Only those lines in the data below from the line containing "#18795 = VERTEX_POINT ( 'NONE', #2950 ) ;" through the line containing "#25601 = VECTOR ( 'NONE', #8497, 39.37008 ) ;", both included, should be restated word for word.

** Opening Exercise materials block **

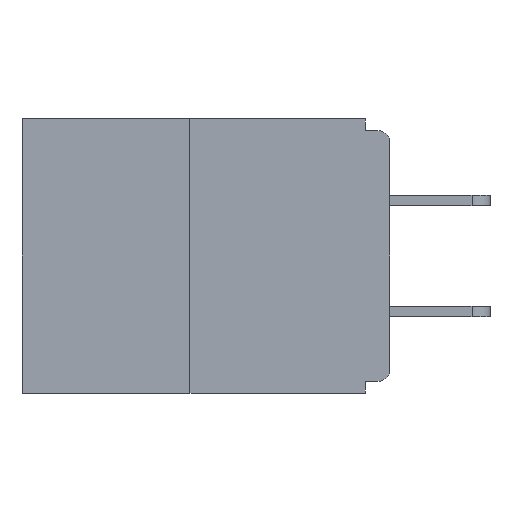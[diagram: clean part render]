
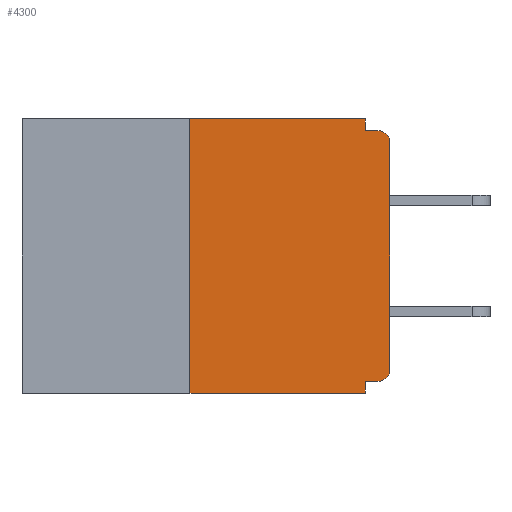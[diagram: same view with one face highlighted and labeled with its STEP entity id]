
A CAD part, left-side view. The second image highlights one B-rep face of the part: STEP entity #4300.
In plain terms, the highlighted planar face has unit normal (-1, 0, 0).
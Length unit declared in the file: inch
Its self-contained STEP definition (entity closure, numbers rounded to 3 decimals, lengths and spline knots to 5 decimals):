
#212 = ORIENTED_EDGE ( 'NONE', *, *, #11004, .F. ) ;
#461 = LINE ( 'NONE', #864, #18508 ) ;
#864 = CARTESIAN_POINT ( 'NONE',  ( 0., 0.031, -0.343 ) ) ;
#1145 = DIRECTION ( 'NONE',  ( 0., -1., 0. ) ) ;
#1168 = CARTESIAN_POINT ( 'NONE',  ( 0., 0.015, -0.015 ) ) ;
#1702 = CARTESIAN_POINT ( 'NONE',  ( 0., 0., 0. ) ) ;
#1809 = DIRECTION ( 'NONE',  ( -1., 0., 0. ) ) ;
#1932 = EDGE_CURVE ( 'NONE', #19353, #25639, #27072, .T. ) ;
#2348 = EDGE_CURVE ( 'NONE', #20827, #23894, #27017, .T. ) ;
#2424 = DIRECTION ( 'NONE',  ( 0., -1., 0. ) ) ;
#2434 = CARTESIAN_POINT ( 'NONE',  ( 0., 0.25, -0.343 ) ) ;
#2950 = CARTESIAN_POINT ( 'NONE',  ( 0., 0.25, 0. ) ) ;
#3819 = ORIENTED_EDGE ( 'NONE', *, *, #2348, .F. ) ;
#3878 = AXIS2_PLACEMENT_3D ( 'NONE', #12480, #25092, #20922 ) ;
#3898 = CARTESIAN_POINT ( 'NONE',  ( 0., 0.46, 0. ) ) ;
#3941 = PLANE ( 'NONE',  #4769 ) ;
#4210 = DIRECTION ( 'NONE',  ( 0., 0., -1. ) ) ;
#4300 = ADVANCED_FACE ( 'NONE', ( #25769 ), #3941, .F. ) ;
#4759 = VECTOR ( 'NONE', #1145, 39.37008 ) ;
#4760 = VECTOR ( 'NONE', #2424, 39.37008 ) ;
#4769 = AXIS2_PLACEMENT_3D ( 'NONE', #16512, #16594, #4210 ) ;
#4927 = CARTESIAN_POINT ( 'NONE',  ( 0., 0., -0.313 ) ) ;
#5844 = DIRECTION ( 'NONE',  ( 0., 0., -1. ) ) ;
#5907 = DIRECTION ( 'NONE',  ( 0., 0., 1. ) ) ;
#6014 = VECTOR ( 'NONE', #14987, 39.37008 ) ;
#7375 = EDGE_CURVE ( 'NONE', #9128, #18795, #22691, .T. ) ;
#7801 = VERTEX_POINT ( 'NONE', #22823 ) ;
#8497 = DIRECTION ( 'NONE',  ( 0., 0., 1. ) ) ;
#8779 = CIRCLE ( 'NONE', #12789, 0.015 ) ;
#9128 = VERTEX_POINT ( 'NONE', #2434 ) ;
#9601 = EDGE_LOOP ( 'NONE', ( #212, #13231, #23983, #22953, #25586, #14517, #23741, #26454, #3819, #25828 ) ) ;
#9951 = EDGE_CURVE ( 'NONE', #25639, #23894, #8779, .T. ) ;
#10365 = LINE ( 'NONE', #3898, #4760 ) ;
#10529 = CARTESIAN_POINT ( 'NONE',  ( 0., 0.031, 0. ) ) ;
#10691 = LINE ( 'NONE', #12521, #14294 ) ;
#10870 = CIRCLE ( 'NONE', #3878, 0.015 ) ;
#11002 = CARTESIAN_POINT ( 'NONE',  ( 0., 0., -0.03 ) ) ;
#11004 = EDGE_CURVE ( 'NONE', #18795, #15413, #10365, .T. ) ;
#11576 = CARTESIAN_POINT ( 'NONE',  ( 0., 0., -0.015 ) ) ;
#11607 = EDGE_CURVE ( 'NONE', #21538, #7801, #461, .T. ) ;
#12174 = CARTESIAN_POINT ( 'NONE',  ( 0., 0.015, -0.03 ) ) ;
#12361 = EDGE_CURVE ( 'NONE', #15413, #20827, #20793, .T. ) ;
#12480 = CARTESIAN_POINT ( 'NONE',  ( 0., 0.015, -0.313 ) ) ;
#12521 = CARTESIAN_POINT ( 'NONE',  ( 0., 0.46, -0.343 ) ) ;
#12789 = AXIS2_PLACEMENT_3D ( 'NONE', #12174, #1809, #5844 ) ;
#13231 = ORIENTED_EDGE ( 'NONE', *, *, #7375, .F. ) ;
#13451 = VECTOR ( 'NONE', #26062, 39.37008 ) ;
#13923 = EDGE_CURVE ( 'NONE', #23889, #21538, #16434, .T. ) ;
#14294 = VECTOR ( 'NONE', #20879, 39.37008 ) ;
#14517 = ORIENTED_EDGE ( 'NONE', *, *, #25969, .T. ) ;
#14634 = CARTESIAN_POINT ( 'NONE',  ( 0., 0.25, 0. ) ) ;
#14987 = DIRECTION ( 'NONE',  ( 0., 0., -1. ) ) ;
#15307 = VECTOR ( 'NONE', #5907, 39.37008 ) ;
#15413 = VERTEX_POINT ( 'NONE', #26890 ) ;
#15447 = DIRECTION ( 'NONE',  ( 0., 0., -1. ) ) ;
#15921 = CARTESIAN_POINT ( 'NONE',  ( 0., 0.015, -0.328 ) ) ;
#16434 = LINE ( 'NONE', #23957, #13451 ) ;
#16512 = CARTESIAN_POINT ( 'NONE',  ( 0., 0.46, 0. ) ) ;
#16594 = DIRECTION ( 'NONE',  ( 1., 0., 0. ) ) ;
#18508 = VECTOR ( 'NONE', #15447, 39.37008 ) ;
#18795 = VERTEX_POINT ( 'NONE', #2950 ) ;
#19353 = VERTEX_POINT ( 'NONE', #4927 ) ;
#19370 = CARTESIAN_POINT ( 'NONE',  ( 0., 0.031, -0.328 ) ) ;
#20793 = LINE ( 'NONE', #10529, #6014 ) ;
#20827 = VERTEX_POINT ( 'NONE', #25917 ) ;
#20879 = DIRECTION ( 'NONE',  ( 0., -1., 0. ) ) ;
#20922 = DIRECTION ( 'NONE',  ( 0., 0., -1. ) ) ;
#21240 = EDGE_CURVE ( 'NONE', #9128, #7801, #10691, .T. ) ;
#21538 = VERTEX_POINT ( 'NONE', #19370 ) ;
#22691 = LINE ( 'NONE', #14634, #25601 ) ;
#22823 = CARTESIAN_POINT ( 'NONE',  ( 0., 0.031, -0.343 ) ) ;
#22953 = ORIENTED_EDGE ( 'NONE', *, *, #11607, .F. ) ;
#23741 = ORIENTED_EDGE ( 'NONE', *, *, #1932, .T. ) ;
#23889 = VERTEX_POINT ( 'NONE', #15921 ) ;
#23894 = VERTEX_POINT ( 'NONE', #1168 ) ;
#23957 = CARTESIAN_POINT ( 'NONE',  ( 0., 0., -0.328 ) ) ;
#23983 = ORIENTED_EDGE ( 'NONE', *, *, #21240, .T. ) ;
#25092 = DIRECTION ( 'NONE',  ( -1., 0., 0. ) ) ;
#25586 = ORIENTED_EDGE ( 'NONE', *, *, #13923, .F. ) ;
#25601 = VECTOR ( 'NONE', #8497, 39.37008 ) ;
#25639 = VERTEX_POINT ( 'NONE', #11002 ) ;
#25769 = FACE_OUTER_BOUND ( 'NONE', #9601, .T. ) ;
#25828 = ORIENTED_EDGE ( 'NONE', *, *, #12361, .F. ) ;
#25917 = CARTESIAN_POINT ( 'NONE',  ( 0., 0.031, -0.015 ) ) ;
#25969 = EDGE_CURVE ( 'NONE', #23889, #19353, #10870, .T. ) ;
#26062 = DIRECTION ( 'NONE',  ( 0., 1., 0. ) ) ;
#26454 = ORIENTED_EDGE ( 'NONE', *, *, #9951, .T. ) ;
#26890 = CARTESIAN_POINT ( 'NONE',  ( 0., 0.031, 0. ) ) ;
#27017 = LINE ( 'NONE', #11576, #4759 ) ;
#27072 = LINE ( 'NONE', #1702, #15307 ) ;

** Closing Exercise materials block **

- _Exercise solution_:
#18795 = VERTEX_POINT ( 'NONE', #2950 ) ;
#19353 = VERTEX_POINT ( 'NONE', #4927 ) ;
#19370 = CARTESIAN_POINT ( 'NONE',  ( 0., 0.031, -0.328 ) ) ;
#20793 = LINE ( 'NONE', #10529, #6014 ) ;
#20827 = VERTEX_POINT ( 'NONE', #25917 ) ;
#20879 = DIRECTION ( 'NONE',  ( 0., -1., 0. ) ) ;
#20922 = DIRECTION ( 'NONE',  ( 0., 0., -1. ) ) ;
#21240 = EDGE_CURVE ( 'NONE', #9128, #7801, #10691, .T. ) ;
#21538 = VERTEX_POINT ( 'NONE', #19370 ) ;
#22691 = LINE ( 'NONE', #14634, #25601 ) ;
#22823 = CARTESIAN_POINT ( 'NONE',  ( 0., 0.031, -0.343 ) ) ;
#22953 = ORIENTED_EDGE ( 'NONE', *, *, #11607, .F. ) ;
#23741 = ORIENTED_EDGE ( 'NONE', *, *, #1932, .T. ) ;
#23889 = VERTEX_POINT ( 'NONE', #15921 ) ;
#23894 = VERTEX_POINT ( 'NONE', #1168 ) ;
#23957 = CARTESIAN_POINT ( 'NONE',  ( 0., 0., -0.328 ) ) ;
#23983 = ORIENTED_EDGE ( 'NONE', *, *, #21240, .T. ) ;
#25092 = DIRECTION ( 'NONE',  ( -1., 0., 0. ) ) ;
#25586 = ORIENTED_EDGE ( 'NONE', *, *, #13923, .F. ) ;
#25601 = VECTOR ( 'NONE', #8497, 39.37008 ) ;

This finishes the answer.